Bank of Canada Announced End of Quantitative Tightening by Early March

January 29, 2025
Bank of Canada Announced End of Quantitative Tightening by Early March

🍁 The Bank of Canada & Government Relief Programs

The Bank of Canada stated today:"The bar for using quantitative easing (QE) should remain very high going forward."This means that if the government runs a large deficit to fund COVID-style relief for potential 25% U.S. tariffs, without QE, bond yields will rise significantly, increasing interest costs for taxpayers.

📌 Key Definitions:

  • 🔹 Quantitative Easing (QE): The central bank buys government bonds to inject liquidity, lower interest rates, and encourage borrowing.
  • 🔹 Quantitative Tightening (QT): The central bank sells or stops reinvesting bonds, reducing liquidity and increasing interest rates to control inflation.

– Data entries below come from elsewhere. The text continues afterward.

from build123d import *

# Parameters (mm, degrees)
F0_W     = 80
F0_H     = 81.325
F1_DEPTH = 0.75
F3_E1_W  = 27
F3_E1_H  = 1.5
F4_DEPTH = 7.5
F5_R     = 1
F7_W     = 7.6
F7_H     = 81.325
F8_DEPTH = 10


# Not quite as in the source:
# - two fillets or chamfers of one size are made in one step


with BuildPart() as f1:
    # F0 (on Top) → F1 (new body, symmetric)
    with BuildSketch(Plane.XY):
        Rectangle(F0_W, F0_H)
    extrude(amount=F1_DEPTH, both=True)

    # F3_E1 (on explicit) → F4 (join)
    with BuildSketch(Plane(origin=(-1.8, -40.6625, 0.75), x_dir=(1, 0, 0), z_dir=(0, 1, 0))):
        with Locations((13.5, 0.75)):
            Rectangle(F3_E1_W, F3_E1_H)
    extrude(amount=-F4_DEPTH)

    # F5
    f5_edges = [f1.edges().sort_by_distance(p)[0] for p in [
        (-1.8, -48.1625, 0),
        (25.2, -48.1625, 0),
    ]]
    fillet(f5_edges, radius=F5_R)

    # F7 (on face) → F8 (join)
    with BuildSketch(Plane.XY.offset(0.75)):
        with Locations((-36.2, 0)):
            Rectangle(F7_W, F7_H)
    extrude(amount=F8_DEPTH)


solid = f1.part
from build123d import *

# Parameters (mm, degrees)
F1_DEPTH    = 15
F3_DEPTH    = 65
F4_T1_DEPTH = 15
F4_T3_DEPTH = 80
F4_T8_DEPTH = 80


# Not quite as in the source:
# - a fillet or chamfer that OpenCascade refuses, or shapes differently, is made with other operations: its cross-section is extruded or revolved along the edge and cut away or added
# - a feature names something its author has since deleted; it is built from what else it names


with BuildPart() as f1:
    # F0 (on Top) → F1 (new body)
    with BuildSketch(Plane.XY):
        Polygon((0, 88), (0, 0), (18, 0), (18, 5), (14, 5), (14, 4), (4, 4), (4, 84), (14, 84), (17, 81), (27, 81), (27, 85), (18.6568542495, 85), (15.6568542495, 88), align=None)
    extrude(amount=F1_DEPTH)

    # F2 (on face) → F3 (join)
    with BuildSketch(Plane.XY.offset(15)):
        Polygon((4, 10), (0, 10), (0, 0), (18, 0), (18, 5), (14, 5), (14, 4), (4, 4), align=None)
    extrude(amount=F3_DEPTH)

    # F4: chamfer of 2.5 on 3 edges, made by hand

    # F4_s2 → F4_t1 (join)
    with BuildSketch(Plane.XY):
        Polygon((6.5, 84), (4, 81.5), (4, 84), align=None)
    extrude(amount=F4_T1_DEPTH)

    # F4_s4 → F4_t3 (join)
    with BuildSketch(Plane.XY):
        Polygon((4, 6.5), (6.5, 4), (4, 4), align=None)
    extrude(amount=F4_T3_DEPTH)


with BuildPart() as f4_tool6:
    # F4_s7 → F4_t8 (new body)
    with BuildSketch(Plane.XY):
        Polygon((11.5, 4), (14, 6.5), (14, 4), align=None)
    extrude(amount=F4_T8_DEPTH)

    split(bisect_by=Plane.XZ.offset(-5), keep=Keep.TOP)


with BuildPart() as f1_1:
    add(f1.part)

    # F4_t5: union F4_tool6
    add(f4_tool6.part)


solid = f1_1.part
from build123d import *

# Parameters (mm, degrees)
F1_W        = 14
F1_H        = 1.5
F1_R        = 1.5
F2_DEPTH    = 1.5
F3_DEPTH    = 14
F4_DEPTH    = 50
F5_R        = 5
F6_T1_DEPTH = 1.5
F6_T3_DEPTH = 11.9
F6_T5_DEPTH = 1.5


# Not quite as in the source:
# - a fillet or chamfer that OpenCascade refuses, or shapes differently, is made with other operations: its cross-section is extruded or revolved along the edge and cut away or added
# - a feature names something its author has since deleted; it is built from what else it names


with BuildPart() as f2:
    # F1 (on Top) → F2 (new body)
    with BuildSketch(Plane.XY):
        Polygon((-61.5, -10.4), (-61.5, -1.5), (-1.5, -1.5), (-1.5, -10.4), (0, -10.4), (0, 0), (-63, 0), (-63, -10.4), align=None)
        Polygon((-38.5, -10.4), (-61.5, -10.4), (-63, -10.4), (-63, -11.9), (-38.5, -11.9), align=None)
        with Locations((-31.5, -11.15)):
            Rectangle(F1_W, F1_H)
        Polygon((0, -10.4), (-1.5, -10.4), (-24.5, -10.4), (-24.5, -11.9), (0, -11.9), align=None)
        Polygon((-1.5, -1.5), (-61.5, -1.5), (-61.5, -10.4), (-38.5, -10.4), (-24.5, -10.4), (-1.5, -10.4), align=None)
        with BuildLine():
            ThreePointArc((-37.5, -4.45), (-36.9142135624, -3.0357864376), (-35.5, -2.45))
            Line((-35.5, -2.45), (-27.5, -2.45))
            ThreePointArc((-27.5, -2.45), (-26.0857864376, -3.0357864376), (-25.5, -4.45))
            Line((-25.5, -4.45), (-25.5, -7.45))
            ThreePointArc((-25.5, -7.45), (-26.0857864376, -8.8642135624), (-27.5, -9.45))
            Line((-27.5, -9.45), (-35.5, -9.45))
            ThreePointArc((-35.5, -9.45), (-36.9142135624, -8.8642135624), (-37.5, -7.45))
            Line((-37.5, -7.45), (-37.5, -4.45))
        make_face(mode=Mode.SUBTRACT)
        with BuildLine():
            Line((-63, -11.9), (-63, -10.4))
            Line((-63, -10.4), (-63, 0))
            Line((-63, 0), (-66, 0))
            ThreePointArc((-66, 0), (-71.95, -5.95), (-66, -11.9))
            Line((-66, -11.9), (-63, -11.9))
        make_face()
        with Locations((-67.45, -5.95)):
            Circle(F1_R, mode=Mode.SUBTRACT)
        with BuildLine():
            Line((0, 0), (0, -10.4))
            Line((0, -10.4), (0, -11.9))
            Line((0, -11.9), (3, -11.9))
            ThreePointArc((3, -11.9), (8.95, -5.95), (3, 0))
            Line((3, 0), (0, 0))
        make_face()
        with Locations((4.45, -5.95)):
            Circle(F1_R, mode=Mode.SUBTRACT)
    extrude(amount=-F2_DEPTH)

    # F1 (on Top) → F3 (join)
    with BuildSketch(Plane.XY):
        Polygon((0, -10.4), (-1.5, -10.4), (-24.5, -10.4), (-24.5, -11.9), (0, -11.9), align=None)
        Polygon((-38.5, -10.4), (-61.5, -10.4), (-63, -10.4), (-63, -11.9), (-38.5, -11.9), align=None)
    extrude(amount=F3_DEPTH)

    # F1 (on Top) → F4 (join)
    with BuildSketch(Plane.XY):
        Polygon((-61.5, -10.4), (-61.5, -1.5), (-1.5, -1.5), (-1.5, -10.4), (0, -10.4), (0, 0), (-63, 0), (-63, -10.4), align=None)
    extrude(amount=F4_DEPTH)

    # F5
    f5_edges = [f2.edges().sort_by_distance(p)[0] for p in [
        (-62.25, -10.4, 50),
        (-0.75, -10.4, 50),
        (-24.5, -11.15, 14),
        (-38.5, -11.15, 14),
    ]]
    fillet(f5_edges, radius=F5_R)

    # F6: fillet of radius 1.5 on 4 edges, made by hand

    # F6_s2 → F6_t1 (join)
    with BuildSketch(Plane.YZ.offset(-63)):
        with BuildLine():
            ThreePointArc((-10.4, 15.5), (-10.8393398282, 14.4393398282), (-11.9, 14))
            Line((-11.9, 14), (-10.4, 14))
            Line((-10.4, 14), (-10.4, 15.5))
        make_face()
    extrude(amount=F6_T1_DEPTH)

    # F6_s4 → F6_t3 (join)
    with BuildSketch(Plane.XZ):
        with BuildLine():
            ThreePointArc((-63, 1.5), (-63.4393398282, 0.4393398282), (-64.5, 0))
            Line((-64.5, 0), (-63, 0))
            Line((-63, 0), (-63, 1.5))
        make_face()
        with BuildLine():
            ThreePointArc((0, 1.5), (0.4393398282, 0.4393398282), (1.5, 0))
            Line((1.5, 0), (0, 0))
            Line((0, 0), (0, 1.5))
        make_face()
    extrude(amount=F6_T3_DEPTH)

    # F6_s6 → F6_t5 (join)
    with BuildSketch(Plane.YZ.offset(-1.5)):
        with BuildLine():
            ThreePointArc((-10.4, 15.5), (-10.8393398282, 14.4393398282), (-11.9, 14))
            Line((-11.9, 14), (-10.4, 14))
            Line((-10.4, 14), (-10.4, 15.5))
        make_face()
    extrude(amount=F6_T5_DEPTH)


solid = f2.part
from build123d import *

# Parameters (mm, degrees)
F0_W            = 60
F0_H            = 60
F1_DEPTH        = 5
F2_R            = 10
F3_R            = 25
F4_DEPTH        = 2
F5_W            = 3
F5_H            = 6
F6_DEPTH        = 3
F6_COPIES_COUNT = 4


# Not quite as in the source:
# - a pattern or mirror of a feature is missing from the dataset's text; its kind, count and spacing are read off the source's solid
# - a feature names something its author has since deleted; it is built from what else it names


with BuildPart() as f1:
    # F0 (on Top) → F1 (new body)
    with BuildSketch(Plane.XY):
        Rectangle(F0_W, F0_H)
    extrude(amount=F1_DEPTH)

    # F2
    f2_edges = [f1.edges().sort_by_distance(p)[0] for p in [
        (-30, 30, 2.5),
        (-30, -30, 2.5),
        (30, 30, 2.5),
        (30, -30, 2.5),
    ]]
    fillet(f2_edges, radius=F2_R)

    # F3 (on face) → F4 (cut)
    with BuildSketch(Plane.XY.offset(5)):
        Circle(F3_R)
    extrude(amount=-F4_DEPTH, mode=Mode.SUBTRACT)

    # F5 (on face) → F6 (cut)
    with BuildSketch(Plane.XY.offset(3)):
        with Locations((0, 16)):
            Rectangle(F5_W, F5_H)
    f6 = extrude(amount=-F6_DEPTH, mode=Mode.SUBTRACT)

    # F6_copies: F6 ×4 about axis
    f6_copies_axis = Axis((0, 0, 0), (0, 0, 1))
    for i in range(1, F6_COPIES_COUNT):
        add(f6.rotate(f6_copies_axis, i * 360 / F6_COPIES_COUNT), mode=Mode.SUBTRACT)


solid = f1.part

📢 Bank of Canada (BoC) Announcements:

The BoC confirmed it will end QT in less than two months and emphasized:"We are a long way from needing quantitative easing. Our policy rate is at 3%. We recently published a review of extraordinary measures used during COVID. What we concluded was that the bar for using quantitative easing in Canada has always been very high. In fact, we have only used it once—during a once-in-a-century pandemic. The bar for using quantitative easing should remain very high going forward."

📉 Government Response to 25% U.S. Tariffs:

Several government officials have suggested pandemic-style relief programs to offset potential tariffs. However, BoC is unlikely to support fiscal stimulus through QE this time due to:

  • ✅ The $130B gap in the size of its balance sheet from the pre-pandemic baseline.
  • ✅ A weakening CAD, which could fuel import-driven inflation.
  • ✅ The need to restore monetary stability post-COVID.

This means funding large relief programs will be much harder than before.

💰 Impact on Government Bonds:

  • ✅ In pandemic relief programs, the government issued bonds, and the BoC was a key buyer, helping to keep yields low.
  • ✅ Without QE, the government may struggle to sell bonds, forcing it to offer higher yields to attract investors.
  • ✅ Higher yields = More interest costs for taxpayers.

⏳ In Short:

If the government implements COVID-like relief programs without BoC support, it will likely face significantly higher interest costs on newly issued bonds. However, it's important to note that predicting the BoC’s response this time remains uncertain.